Machismo e memória
Carlos Cartaxo
Escrever tem sido minha primeira atividade prazerosa; a segunda é ler; a terceira é dar aulas; a quarta é proferir palestras; a quinta é viajar; a sexta é visitar museus e por aí vai. Esses fazeres é a melhor formar de haurir os imbróglios interiores que trago comigo ou que surgem no meio das nuvens escuras do interior do meu ser. Penso que essas atividades deveriam ser prazerosas para todo mundo, para todo sujeito que traga consigo um coração cambaleante para descobertas e dúvidas que ruminam na nossa consciência. Claro que não precisa ser, necessariamente, na mesma ordem de majoração do meu deleite, da aprendizagem que gosto de desfrutar. Mas no Brasil, infelizmente, nesse início de século XXI, essas atividades, principalmente a leitura, estão em baixa; estão sob o silêncio da sola de quem não sabe onde pisar. Não obstante a lógica de uma sociedade culta, onde buscar conhecimento é uma escolha cotidiana, aqui no Brasil nem todo mundo tem essas atividades como fonte de prazer. Como enfretamento a essa vazio, continuo acreditando que a formação cultural é o alicerce estrutural das sociedades desenvolvidas, tendo em vista que essa tem sido a trajetória evolutiva de transformação do ser humano desde a Grécia antiga. Infelizmente, como a chuva que se sabe que vai cair no verão, à ascensão do fascismo, neonazismo e de valores como ódio, racismo e preconceito tem surgido e difundido a propagação da violência e consequente retrocesso evolutivo da humanidade.

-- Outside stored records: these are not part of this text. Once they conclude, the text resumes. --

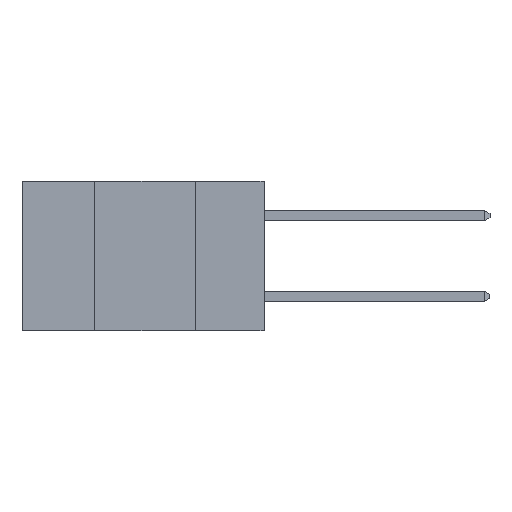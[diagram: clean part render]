
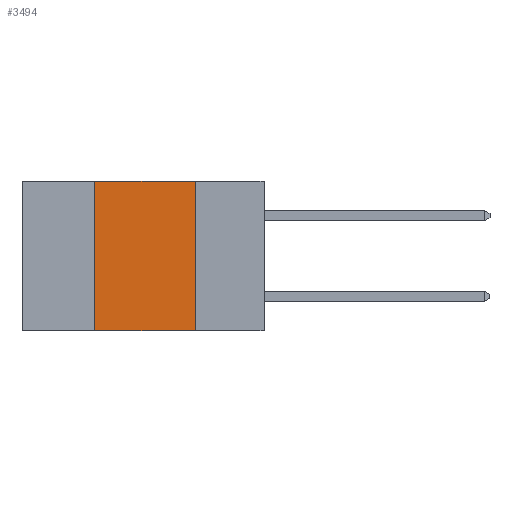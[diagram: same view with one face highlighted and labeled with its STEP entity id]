
A CAD part, left-side view. The second image highlights one B-rep face of the part: STEP entity #3494.
In plain terms, the highlighted planar face has unit normal (-1, 0, 0).
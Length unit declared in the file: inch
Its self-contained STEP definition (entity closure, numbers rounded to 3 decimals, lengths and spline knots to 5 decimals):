
#672 = DIRECTION ( 'NONE',  ( 0., 0., -1. ) ) ;
#3046 = CARTESIAN_POINT ( 'NONE',  ( 0., 0.17, 0. ) ) ;
#3088 = VERTEX_POINT ( 'NONE', #12259 ) ;
#3494 = ADVANCED_FACE ( 'NONE', ( #23429 ), #22178, .F. ) ;
#3605 = DIRECTION ( 'NONE',  ( 0., 0., -1. ) ) ;
#3804 = CARTESIAN_POINT ( 'NONE',  ( 0., 0.6, 0. ) ) ;
#4023 = VERTEX_POINT ( 'NONE', #29045 ) ;
#4674 = ORIENTED_EDGE ( 'NONE', *, *, #13679, .T. ) ;
#6065 = CARTESIAN_POINT ( 'NONE',  ( 0., 0.17, -0.37 ) ) ;
#7063 = LINE ( 'NONE', #3046, #16506 ) ;
#8177 = EDGE_LOOP ( 'NONE', ( #29582, #10867, #9396, #4674 ) ) ;
#8420 = EDGE_CURVE ( 'NONE', #4023, #9344, #15814, .T. ) ;
#8986 = DIRECTION ( 'NONE',  ( 0., 0., 1. ) ) ;
#9344 = VERTEX_POINT ( 'NONE', #14527 ) ;
#9396 = ORIENTED_EDGE ( 'NONE', *, *, #8420, .F. ) ;
#10867 = ORIENTED_EDGE ( 'NONE', *, *, #29576, .F. ) ;
#12259 = CARTESIAN_POINT ( 'NONE',  ( 0., 0.17, 0. ) ) ;
#12552 = VECTOR ( 'NONE', #29160, 39.37008 ) ;
#13156 = VECTOR ( 'NONE', #20083, 39.37008 ) ;
#13679 = EDGE_CURVE ( 'NONE', #4023, #21780, #24834, .T. ) ;
#14527 = CARTESIAN_POINT ( 'NONE',  ( 0., 0.42, 0. ) ) ;
#15417 = CARTESIAN_POINT ( 'NONE',  ( 0., 0.6, 0. ) ) ;
#15814 = LINE ( 'NONE', #25186, #21228 ) ;
#16506 = VECTOR ( 'NONE', #672, 39.37008 ) ;
#16541 = AXIS2_PLACEMENT_3D ( 'NONE', #15417, #24516, #3605 ) ;
#20083 = DIRECTION ( 'NONE',  ( 0., -1., 0. ) ) ;
#21228 = VECTOR ( 'NONE', #8986, 39.37008 ) ;
#21780 = VERTEX_POINT ( 'NONE', #6065 ) ;
#22178 = PLANE ( 'NONE',  #16541 ) ;
#22968 = EDGE_CURVE ( 'NONE', #3088, #21780, #7063, .T. ) ;
#23429 = FACE_OUTER_BOUND ( 'NONE', #8177, .T. ) ;
#24000 = LINE ( 'NONE', #3804, #13156 ) ;
#24516 = DIRECTION ( 'NONE',  ( 1., 0., 0. ) ) ;
#24574 = CARTESIAN_POINT ( 'NONE',  ( 0., 0.6, -0.37 ) ) ;
#24834 = LINE ( 'NONE', #24574, #12552 ) ;
#25186 = CARTESIAN_POINT ( 'NONE',  ( 0., 0.42, 0. ) ) ;
#29045 = CARTESIAN_POINT ( 'NONE',  ( 0., 0.42, -0.37 ) ) ;
#29160 = DIRECTION ( 'NONE',  ( 0., -1., 0. ) ) ;
#29576 = EDGE_CURVE ( 'NONE', #9344, #3088, #24000, .T. ) ;
#29582 = ORIENTED_EDGE ( 'NONE', *, *, #22968, .F. ) ;

Em 2020 eu não pude realizar todas as atividades planejadas, como a maioria das pessoas que pretendia fazer e não viram a flor se transformar em fruto. Contudo, escrever, ler, dar aulas e viajar, sim, consegui executar mesmo de forma precária; ministrar palestras e visitar museus, não, obviamente por causa da indesejada pandemia do coronavirus que fez desabrochar a Covid-19. Aqui cabe explicar que ainda consegui viajar porque fui em dezembro de 2019 realizar uma pesquisa sobre imigrantes brasileiros nos Estados Unidos da América e só retornei em fevereiro de 2020. Ao chegar ao Brasil, logo em seguida, os aeroportos fecharam as portas e cortaram as asas das aeronaves para evitar que o vírus continuasse a adentrar as vielas do país espalhando a Covid-19, como o vento faz com as flores para semear novas vidas. Então, por ser do grupo de risco, afinal já tenho 61 anos, fiquei isolado em casa, saindo apenas para o estritamente necessário. Por esse motivo, dentre as atividades que realizei em 2020, a leitura e a escrita foram determinantes para minha profissão e meu lazer seguro no isolamento do meu ninho residencial.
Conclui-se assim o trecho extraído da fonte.